Giorgi Megreladze

Personal information
- Full name: Giorgi Megreladze
- Date of birth: 21 July 1978 (age 47)
- Place of birth: Kutaisi, Soviet Union
- Height: 1.80 m (5 ft 11 in)
- Position: Forward

Senior career*
- Years: Team / Apps / (Gls)
- 1993–1994: FC Samgurali Tskaltubo / 12 / (5)
- 1994: FC Mertskhali Ozurgeti / 7 / (0)
- 1995–2000: FC Torpedo Kutaisi / 124 / (54)
- 2000–2001: ILTEX Lykoi F.C.
- 2002–2003: A.O. Patraikos
- 2003: FC Neftekhimik Nizhnekamsk / 16 / (1)
- 2004–2005: FC Torpedo Kutaisi / 34 / (23)
- 2005–2006: FC Dinamo Tbilisi / 22 / (14)
- 2006–2007: FK Baku / 6 / (0)
- 2007: FC Zhetysu / 8 / (0)
- 2007–2008: FC Borjomi / 6 / (5)
- 2008–2009: FC Olimpi Rustavi / 21 / (8)
- 2009–2010: FC Shurtan Guzar / 12 / (3)
- 2010–2011: FC Zugdidi / 8 / (6)
- 2011–2012: FC Torpedo Kutaisi / 26 / (10)
- 2012: FC Mertskhali Ozurgeti
- 2012–2013: FC Shurtan Guzar / 0 / (0)
- 2013: FC Merani Martvili / 1 / (0)

International career
- 1998: Georgia / 1 / (0)

= Giorgi Megreladze =

Georgian footballer

Giorgi Megreladze (born 21 July 1978) is a retired Georgian footballer, the son of former Georgian football player and Torpedo Kutaisi star Merab Megreladze.

Megreladze has played in six countries. He is the Georgian league winner with Torpedo and three-time team topscorer.

==Career==
Megreladze started his career at Samgurali, making his Umaglesi Liga debut at the age of 15 against Batumi on 6 December 1993.

In 1995, Megreladze moved to Torpedo where he won the Umaglesi Liga five years later. During his three spells with Torpedo, Megreladze finished as the team goalscorer three times and accrued 80 goals in 184 league appearances combined.

At the start of the 2006–07 season Megreladze signed up to play for FK Baku.

On 21 March 2008, Megreladze scored for Borjomi against Ameri to become the 15th member of the
100 club. He also played, among other clubs, for Dinamo Tbilisi.
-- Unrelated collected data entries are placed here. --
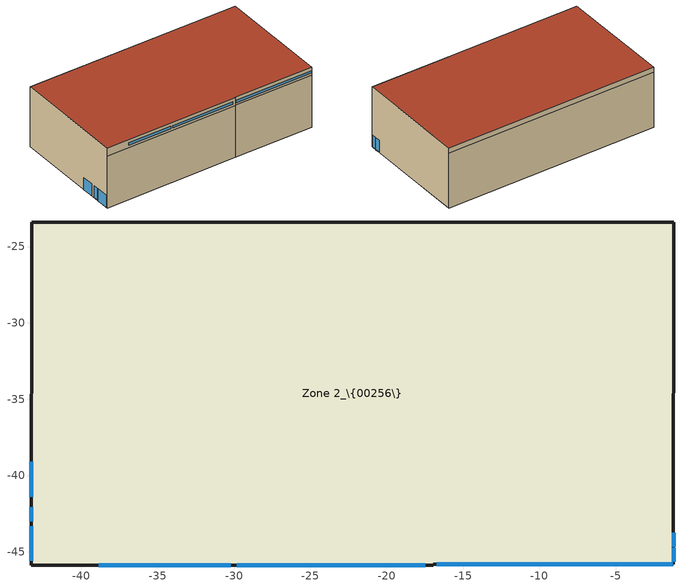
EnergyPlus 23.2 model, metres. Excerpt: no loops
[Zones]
Zone 2_\{00256\}
 floor adiabatic (Slab\-on\-grade floor_\{00016\}): -43.29,-45.86 -43.27,-23.39 -1.2,-23.39 -1.22,-45.81 -16.97,-45.81 -16.97,-45.86 z0
 wall outside (2015 IECC ZONE 2 METAL BUILDING WALL_\{00006\}): -43.27,-23.39 -43.29,-45.86 / -1.22,-45.81 -1.2,-23.39 z0:12.12; -1.2,-23.39 -43.27,-23.39 z11.07:12.12; -16.97,-45.81 -1.22,-45.81 / -43.29,-45.86 -16.97,-45.86 z10.48:12.12
 wall adiabatic (Interior Gypsum Board Wall_\{00010\}): -1.2,-23.39 -43.27,-23.39 z0:11.07; -43.29,-45.86 -16.97,-45.86 -16.97,-45.81 -1.22,-45.81 z0:10.48
 window (2015 IECC ZONE 2 ENTRANCE DOOR_Glass_\{00022\}): -43.28,-42.09 -43.28,-43 / -1.21,-44.67 -1.21,-43.76 / -1.21,-45.64 -1.21,-44.73 z0.12:2.44
 window (Construction 3): -43.28,-39.1 -43.28,-41.38 / -43.28,-43.31 -43.29,-45.59 z0:2.44
 window (Construction 2): -16.74,-45.81 -1.28,-45.81 / -38.86,-45.86 -30.23,-45.86 / -29.83,-45.86 -17.49,-45.86 z10.97:11.43
 door (2015 IECC ZONE 2 ENTRANCE DOOR_Opaque_\{00024\}): -43.28,-42.09 -43.28,-43 / -1.21,-44.67 -1.21,-43.76 / -1.21,-45.64 -1.21,-44.73 z0:0.12
 roof outside (2015 IECC ZONE 2 INSULATION ENTIRELY ABOVE ROOF DECK_\{00013\}): -16.97,-45.86 -16.97,-45.81 -1.22,-45.81 -1.2,-23.39 -43.27,-23.39 -43.29,-45.86 z12.12
[Building]
SubjectBuilding_\{00129\}
[Site:Location]
George Bush Intercontinental_ TX_ USA_Site_\{00171\}: Latitude {deg}=29.98; Longitude {deg}=-95.36; Time Zone {hr}=-6; Elevation {m}=28.956
[SizingPeriod:DesignDay] Barometric Pressure {Pa}=100978; Wind Direction {deg}=0; Rain Indicator=No; Snow Indicator=No
Name | Month | Day of Month | Day Type | Maximum Dry-Bulb Temperature {C} | Daily Dry-Bulb Temperature Range {deltaC} | Dry-Bulb Temperature Range Modifier Type | Humidity Condition Type | Wetbulb or DewPoint at Maximum Dry-Bulb {C} | Wind Speed {m/s} | Daylight Saving Time Indicator | Solar Model Indicator | Sky Clearness | Dry-Bulb Temperature Range Modifier Day Schedule | Humidity Condition Day Schedule | Beam Solar Day Schedule | Diffuse Solar Day Schedule
00\:HDD_George Bush Intercontinental_ TX_ USA_\{00172\} | 1 | 15 | WinterDesignDay | -0.5 | 0 | DefaultMultipliers | Wetbulb | -3.19067 | 18.04 | No | ASHRAEClearSky | 0
08\:CDD_George Bush Intercontinental_ TX_ USA_August_\{00212\} | 8 | 21 | SummerDesignDay | 36.3889 |  | DifferenceSchedule | WetBulbProfileDifferenceSchedule | 24.6671 | 9.02 | Yes | Schedule |  | DrybulbTemperatureScheduleDayForDesignWeather_August_\{00208\} | WetbulbTemperatureScheduleDayForDesignWeather_August_\{00209\} | BeamRadiationScheduleDayForDesignWeather_August_\{00210\} | DiffuseRadiationScheduleDayForDesignWeather_August_\{00211\}
[Site:GroundReflectance]
0.2, 0.2, 0.2, 0.2, 0.2, 0.2, 0.2, 0.2, 0.2, 0.2, 0.2, 0.2
[Material] Roughness=MediumRough
Name | Thickness {m} | Conductivity {W/m-K} | Density {kg/m3} | Specific Heat {J/kg-K} | Thermal Absorptance | Solar Absorptance | Visible Absorptance
2015 IECC ZONE 2 INSULATION ENTIRELY ABOVE ROOF DECK_22\-gauge steel roof deck_\{00012\} | 0.0008636 | 54.4861 | 7832.24 | 502.416 | 0.45 | 0.45 | 0.45
2015 IECC ZONE 2 INSULATION ENTIRELY ABOVE ROOF DECK_R\-25 board insulation_\{00011\} | 0.127 | 0.0288514 | 40.0421 | 1465.38 | 0.675 | 0.675 | 0.675
2015 IECC ZONE 2 METAL BUILDING WALL_26\-gauge galvanized steel wall panel_\{00005\} | 0.0005588 | 52.1624 | 8024.44 | 502.416 | 0.675 | 0.675 | 0.675
2015 IECC ZONE 2 METAL BUILDING WALL_3\.5\-in cavity_ 16\-in o\.c\. steel frame_ R\-13 batt_\{00003\} | 0.0889 | 0.084131 | 54.4573 | 837.36 | 0.9 | 0.7 | 0.7
2015 IECC ZONE 2 METAL BUILDING WALL_5/8\-in gypsum board_\{00002\}; Interior Gypsum Board Wall_5/8\-in gypsum board_\{00007\}; Interior Gypsum Board Wall_5/8\-in gypsum board_\{00009\} | 0.015875 | 0.160093 | 800.842 | 1088.57 | 0.45 | 0.45 | 0.45
2015 IECC ZONE 2 METAL BUILDING WALL_R\-5 board insulation_\{00004\} | 0.02667 | 0.0288514 | 40.0421 | 1465.38 | 0.9 | 0.7 | 0.7
Interior Gypsum Board Wall_3\.5\-in cavity_ 16\-in o\.c\. steel frame_ no insul_\{00008\} | 0.0889 | 0.1 | 46.4488 | 1400 | 0.9 | 0.7 | 0.7
Slab\-on\-grade floor_6 in\. HW concrete_\{00014\} | 0.0762 | 1.94708 | 2242.36 | 921.096 | 0.675 | 0.675 | 0.675
Slab\-on\-grade floor_6 in\. HW concrete_\{00015\} | 0.0762 | 1.94708 | 2242.36 | 921.096 | 0.9 | 0 | 0
[Material:NoMass]
2015 IECC ZONE 2 ENTRANCE DOOR_OpaqueMaterial_\{00023\}: Roughness=MediumRough; Thermal Resistance {m2-K/W}=0.212181; Thermal Absorptance=0.9; Solar Absorptance=0.7; Visible Absorptance=0.7
[WindowMaterial:SimpleGlazingSystem] Solar Heat Gain Coefficient=0.25
Name | U-Factor {W/m2-K} | Visible Transmittance
2015 IECC ZONE 2 ENTRANCE DOOR_GlassMaterial_\{00021\} | 4.71296 | 0.275
2015 IECC ZONE 2 FIXED FENESTRATION_\{00018\} | 2.83913 | 0.73
2015 IECC ZONE 2 OPERABLE FENESTRATION_\{00017\} | 3.69087 | 0.73
[Construction]
2015 IECC ZONE 2 ENTRANCE DOOR_Glass_\{00022\}: 2015 IECC ZONE 2 ENTRANCE DOOR_GlassMaterial_\{00021\}
2015 IECC ZONE 2 ENTRANCE DOOR_Opaque_\{00024\}: 2015 IECC ZONE 2 ENTRANCE DOOR_OpaqueMaterial_\{00023\}
2015 IECC ZONE 2 INSULATION ENTIRELY ABOVE ROOF DECK_\{00013\}: 2015 IECC ZONE 2 INSULATION ENTIRELY ABOVE ROOF DECK_R\-25 board insulation_\{00011\}, 2015 IECC ZONE 2 INSULATION ENTIRELY ABOVE ROOF DECK_22\-gauge steel roof deck_\{00012\}
2015 IECC ZONE 2 METAL BUILDING WALL_\{00006\}: 2015 IECC ZONE 2 METAL BUILDING WALL_26\-gauge galvanized steel wall panel_\{00005\}, 2015 IECC ZONE 2 METAL BUILDING WALL_R\-5 board insulation_\{00004\}, 2015 IECC ZONE 2 METAL BUILDING WALL_3\.5\-in cavity_ 16\-in o\.c\. steel frame_ R\-13 batt_\{00003\}, 2015 IECC ZONE 2 METAL BUILDING WALL_5/8\-in gypsum board_\{00002\}
Construction 2: 2015 IECC ZONE 2 OPERABLE FENESTRATION_\{00017\}
Construction 3: 2015 IECC ZONE 2 FIXED FENESTRATION_\{00018\}
Interior Gypsum Board Wall_\{00010\}: Interior Gypsum Board Wall_5/8\-in gypsum board_\{00009\}, Interior Gypsum Board Wall_3\.5\-in cavity_ 16\-in o\.c\. steel frame_ no insul_\{00008\}, Interior Gypsum Board Wall_5/8\-in gypsum board_\{00007\}
Slab\-on\-grade floor_\{00016\}: Slab\-on\-grade floor_6 in\. HW concrete_\{00015\}, Slab\-on\-grade floor_6 in\. HW concrete_\{00014\}
[Zone]
Zone 2_\{00256\}: Multiplier=1; Volume {m3}=11443.2; Floor Area {m2}=944.467; Part of Total Floor Area=Yes
[People]
Rev\. Center 3 Courts_People__\{00164\}: Zone or ZoneList or Space or SpaceList=Zone 2_\{00256\}; Number of People Schedule=90\.1 Office Occupancy_WDD_OFF_\{00060\}; Number of People Calculation Method=People; Number of People=12; Fraction Radiant=0.7; Sensible Heat Fraction=0.394444; Activity Level Schedule=Schedule_SchType_Constant_\{00165\}; Carbon Dioxide Generation Rate {m3/s-W}=4.298e-08
[Lights]
Rev\. Center 3 Courts_OHLight_\{00162\}: Zone or ZoneList or Space or SpaceList=Zone 2_\{00256\}; Schedule=90\.1 Office Lights/Elec_WDD_OFF_\{00052\}; Design Level Calculation Method=LightingLevel; Lighting Level {W}=10166.2; Return Air Fraction=0; Fraction Radiant=0.093378; Fraction Visible=0.271602; Fraction Replaceable=0
[OtherEquipment]
Rev\. Center 3 Courts_FloorSlabHeatLoss_\{00167\}: Fuel Type=None; Zone or ZoneList or Space or SpaceList=Zone 2_\{00256\}; Schedule=GroundFloorandWallHeatLoss_Sch_\{00001\}; Design Level Calculation Method=EquipmentLevel; Design Level {W}=-1906.57; Fraction Latent=0; Fraction Radiant=0; Fraction Lost=0
[ZoneInfiltration:DesignFlowRate]
Rev\. Center 3 Courts_Infiltration_\{00169\}: Zone or ZoneList or Space or SpaceList=Zone 2_\{00256\}; Schedule=Rev\. Center 3 Courts_Infiltration_Schedule_\{00168\}; Design Flow Rate Calculation Method=AirChanges/Hour; Air Changes per Hour {1/hr}=0.3; Constant Term Coefficient=1; Temperature Term Coefficient=0; Velocity Term Coefficient=0; Velocity Squared Term Coefficient=0
[EnergyManagementSystem:Actuator]
HeatingCoil_Availability_251: Actuated Component Unique=ZoneTerminalReheatCoil_Sch_\{00240\}; Actuated Component Type=Schedule:Compact; Actuated Component Control Type=Schedule Value
[EnergyManagementSystem:ProgramCallingManager]
Energy Management System Program Calling Manager 1: InsideHVACSystemIterationLoop; HeatingCoilSchOverride_252
[EnergyManagementSystem:Program]
HeatingCoilSchOverride_252: IF (CoolingCoilCap_250 == 0); SET HeatingCoil_Availability_251 = NULL; ELSE; SET HeatingCoil_Availability_251 = 0; ENDIF
[AvailabilityManager:Scheduled]
AirLoopHVACOutdoorAirSystem_\{00242\} Availability Manager: Schedule=Always On Discrete
[AvailabilityManager:NightCycle]
Availability Manager Night Cycle 1: Applicability Schedule=Always On Discrete; Fan Schedule=System2_CAVRH_Availability_\{00234\}; Control Type=CycleOnAny; Thermostat Tolerance {deltaC}=1; Cycling Run Time Control Type=FixedRunTime; Cycling Run Time {s}=3600
[Schedule:Day:Interval]
Schedule373486904_Profile_Profile_4_\{00057\}: No, 24:00, 0.05
Schedule373486904_Profile_Profile_2_\{00055\}: No, 05:00, 0.05, 07:00, 0.1, 08:00, 0.3, 12:00, 0.9, 13:00, 0.8, 17:00, 0.9, 18:00, 0.5, 20:00, 0.3, 22:00, 0.2, 23:00, 0.1, 24:00, 0.05
Schedule373486904_Profile_Profile_3_\{00056\}: No, 06:00, 0.05, 08:00, 0.1, 12:00, 0.3, 17:00, 0.15, 24:00, 0.05
Schedule373486904_Profile_Profile_1_\{00054\}: No, 05:00, 0.05, 23:00, 1, 24:00, 0.05
Daily_AlwaysOff: No, 24:00, 0
BeamRadiationScheduleDayForDesignWeather_August_\{00210\}: Linear, 00:10, 0, 00:30, 0, 01:30, 0, 02:30, 0, 03:30, 0, 04:30, 0, 05:30, 0, 06:30, 183.189, 07:30, 485.993, 08:30, 640.547, 09:30, 727.234, 10:30, 777.123, 11:30, 802.98, 12:30, 810.174, 13:30, 800.062, 14:30, 770.719, 15:30, 715.89, 16:30, 620.873, 17:30, 449.212, 18:30, 113.82, 19:30, 0, 20:30, 0, 21:30, 0, 22:30, 0, 23:30, 0, 24:00, 0
Daily_Available; Schedule1880562553_Profile_Profile_1_\{00235\}: No, 24:00, 1
DiffuseRadiationScheduleDayForDesignWeather_August_\{00211\}: Linear, 00:10, 0, 00:30, 0, 01:30, 0, 02:30, 0, 03:30, 0, 04:30, 0, 05:30, 0, 06:30, 39.583, 07:30, 79.7103, 08:30, 105.485, 09:30, 122.935, 10:30, 134.34, 11:30, 140.729, 12:30, 142.572, 13:30, 139.99, 14:30, 132.811, 15:30, 120.494, 16:30, 101.87, 17:30, 74.3048, 18:30, 30.6074, 19:30, 0, 20:30, 0, 21:30, 0, 22:30, 0, 23:30, 0, 24:00, 0
DrybulbTemperatureScheduleDayForDesignWeather_August_\{00208\}: Linear, 00:10, 8.32074, 00:30, 8.56444, 01:30, 9.19111, 02:30, 9.60889, 03:30, 9.92222, 04:30, 10.2356, 05:30, 10.4444, 06:30, 10.2356, 07:30, 9.50445, 08:30, 7.72889, 09:30, 5.74444, 10:30, 3.96889, 11:30, 2.40222, 12:30, 1.35778, 13:30, 0.522224, 14:30, 0, 15:30, 0, 16:30, 0.626666, 17:30, 1.46222, 18:30, 2.50667, 19:30, 4.07333, 20:30, 5.22222, 21:30, 6.16222, 22:30, 7.10222, 23:30, 7.83333, 24:00, 8.19889
Schedule1661062007_Profile_Profile_1_\{00062\}: No, 06:00, 0, 22:00, 1, 24:00, 0
WetbulbTemperatureScheduleDayForDesignWeather_August_\{00209\}: Linear, 00:10, 2.24801, 00:30, 2.31708, 01:30, 2.4958, 02:30, 2.61556, 03:30, 2.7057, 04:30, 2.79614, 05:30, 2.85659, 06:30, 2.79614, 07:30, 2.58557, 08:30, 2.08039, 09:30, 1.52461, 10:30, 1.04801, 11:30, 0.629046, 12:30, 0.353499, 13:30, 0.135151, 14:30, 0, 15:30, 0, 16:30, 0.162344, 17:30, 0.38092, 18:30, 0.656764, 19:30, 1.07618, 20:30, 1.37958, 21:30, 1.64096, 22:30, 1.90398, 23:30, 2.10988, 24:00, 2.21348
[Schedule:Week:Daily]
Schedule_373486904_\{00058\}: Schedule373486904_Profile_Profile_4_\{00057\}, Schedule373486904_Profile_Profile_2_\{00055\}, Schedule373486904_Profile_Profile_2_\{00055\}, Schedule373486904_Profile_Profile_2_\{00055\}, Schedule373486904_Profile_Profile_2_\{00055\}, Schedule373486904_Profile_Profile_2_\{00055\}, Schedule373486904_Profile_Profile_3_\{00056\}, Schedule373486904_Profile_Profile_4_\{00057\}, Schedule373486904_Profile_Profile_1_\{00054\}, Daily_AlwaysOff, Schedule373486904_Profile_Profile_4_\{00057\}, Schedule373486904_Profile_Profile_4_\{00057\}
Schedule_1661062007_\{00063\}: Schedule1661062007_Profile_Profile_1_\{00062\}, Schedule1661062007_Profile_Profile_1_\{00062\}, Schedule1661062007_Profile_Profile_1_\{00062\}, Schedule1661062007_Profile_Profile_1_\{00062\}, Schedule1661062007_Profile_Profile_1_\{00062\}, Schedule1661062007_Profile_Profile_1_\{00062\}, Schedule1661062007_Profile_Profile_1_\{00062\}, Schedule1661062007_Profile_Profile_1_\{00062\}, Schedule1661062007_Profile_Profile_1_\{00062\}, Daily_AlwaysOff, Schedule1661062007_Profile_Profile_1_\{00062\}, Schedule1661062007_Profile_Profile_1_\{00062\}
Schedule_1880562553_\{00236\}: Schedule1880562553_Profile_Profile_1_\{00235\}, Schedule1880562553_Profile_Profile_1_\{00235\}, Schedule1880562553_Profile_Profile_1_\{00235\}, Schedule1880562553_Profile_Profile_1_\{00235\}, Schedule1880562553_Profile_Profile_1_\{00235\}, Schedule1880562553_Profile_Profile_1_\{00235\}, Schedule1880562553_Profile_Profile_1_\{00235\}, Schedule1880562553_Profile_Profile_1_\{00235\}, Schedule1880562553_Profile_Profile_1_\{00235\}, Daily_Available, Schedule1880562553_Profile_Profile_1_\{00235\}, Schedule1880562553_Profile_Profile_1_\{00235\}
[Schedule:Year]
90\.1 Office Lights/Elec_WDD_OFF_\{00052\}: Schedule_373486904_\{00058\}, 1, 1, 12, 31
90\.1 Office Occupancy_WDD_OFF_\{00060\}: Schedule_1661062007_\{00063\}, 1, 1, 12, 31
System2_CAVRH_Availability_\{00234\}: Schedule_1880562553_\{00236\}, 1, 1, 12, 31
[Schedule:Compact]
ZoneTerminalReheatCoil_Sch_\{00240\}: Through: 12/31, For: AllDays, Until: 24:00, 1
GroundFloorandWallHeatLoss_Sch_\{00001\}: Through: 12/31, For: WinterDesignday, Until: 24:00, 1, For: AllOtherDays, Until: 24:00, 0
Rev\. Center 3 Courts_Infiltration_Schedule_\{00168\}: Through: 12/31, For: WinterDesignDay, Until: 24:00, 1, For: SummerDesignDay, Until: 24:00, 1, For: AllOtherDays, Until: 24:00, 0
[Schedule:Constant]
Name | Hourly Value
Always On Discrete | 1
Schedule_SchType_Constant_\{00165\} | 527.528
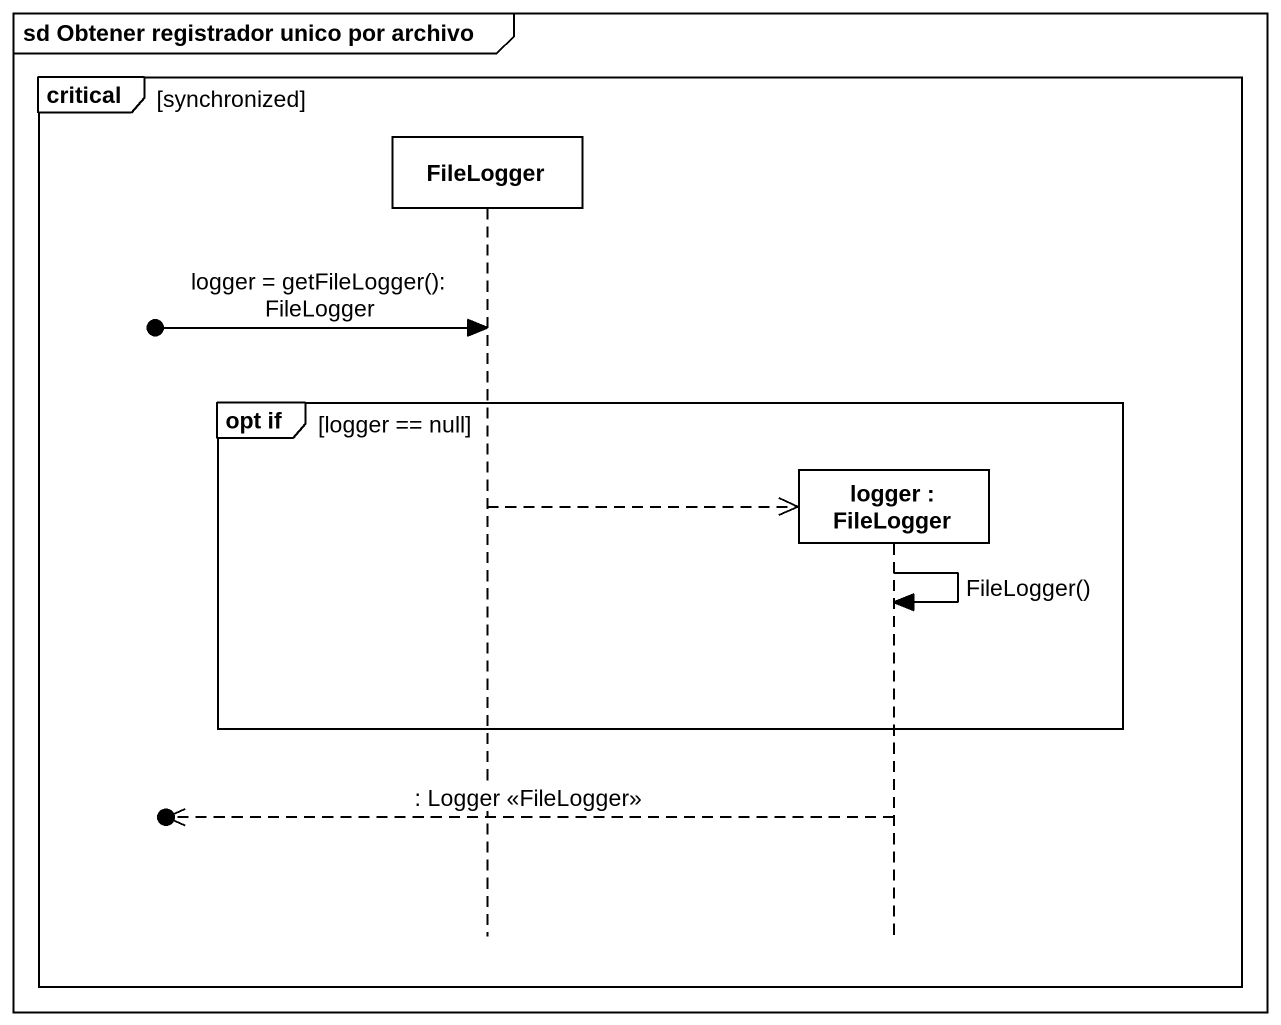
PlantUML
@startuml
mainframe sd Obtener registrador unico por archivo
hide footbox
participant FileLogger
participant "logger : FileLogger" as logger

critical synchronized
  [o-> FileLogger : logger = getFileLogger(): FileLogger
  group opt if [logger == null]
    FileLogger -->> logger **
    logger -> logger : FileLogger()
  end
  [o<<-- logger : : Logger <<FileLogger>>
end
@enduml
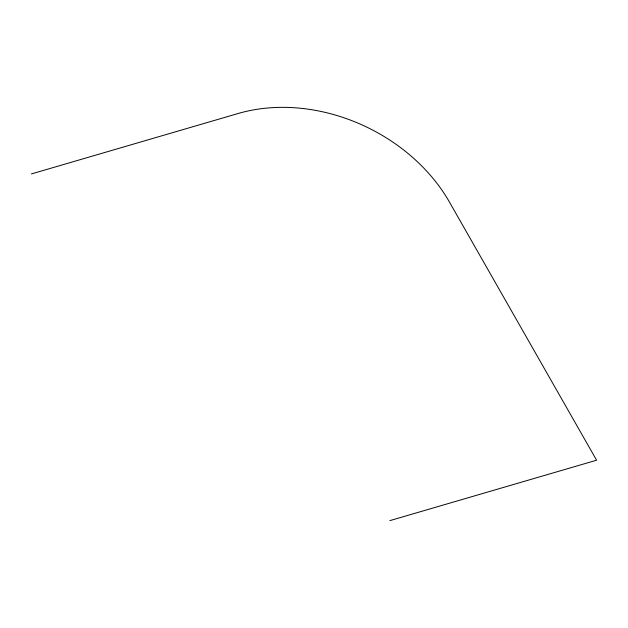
<?xml version="1.0" encoding="UTF-8"?>
<svg xmlns="http://www.w3.org/2000/svg" width="628" height="628" viewBox="0 0 628 628"><rect width="100%" height="100%" fill="white"/><g stroke="black" fill="none" stroke-linecap="round" stroke-linejoin="round"><path stroke-width="0.94" d="M31.4 173.932L238.169 113.495A162.252 127.853 26 0 1 449.538 202.208L596.6 460.214L389.831 520.643"/></g></svg>

With the Georgia national football team Megreladze won only one game, on 12 August 1998 against Azerbaijan. In 2009, he scored the first ever UEFA Europa League goal.
==Personal life==
Giorgi Megreladze is the fourth member of the Megreladze football family. His son Merab also played in the top division before taking up managerial roles.

In 2024, Megreladze revealed in an interview that he had formed a youth football club called Georgia Philly in the United States.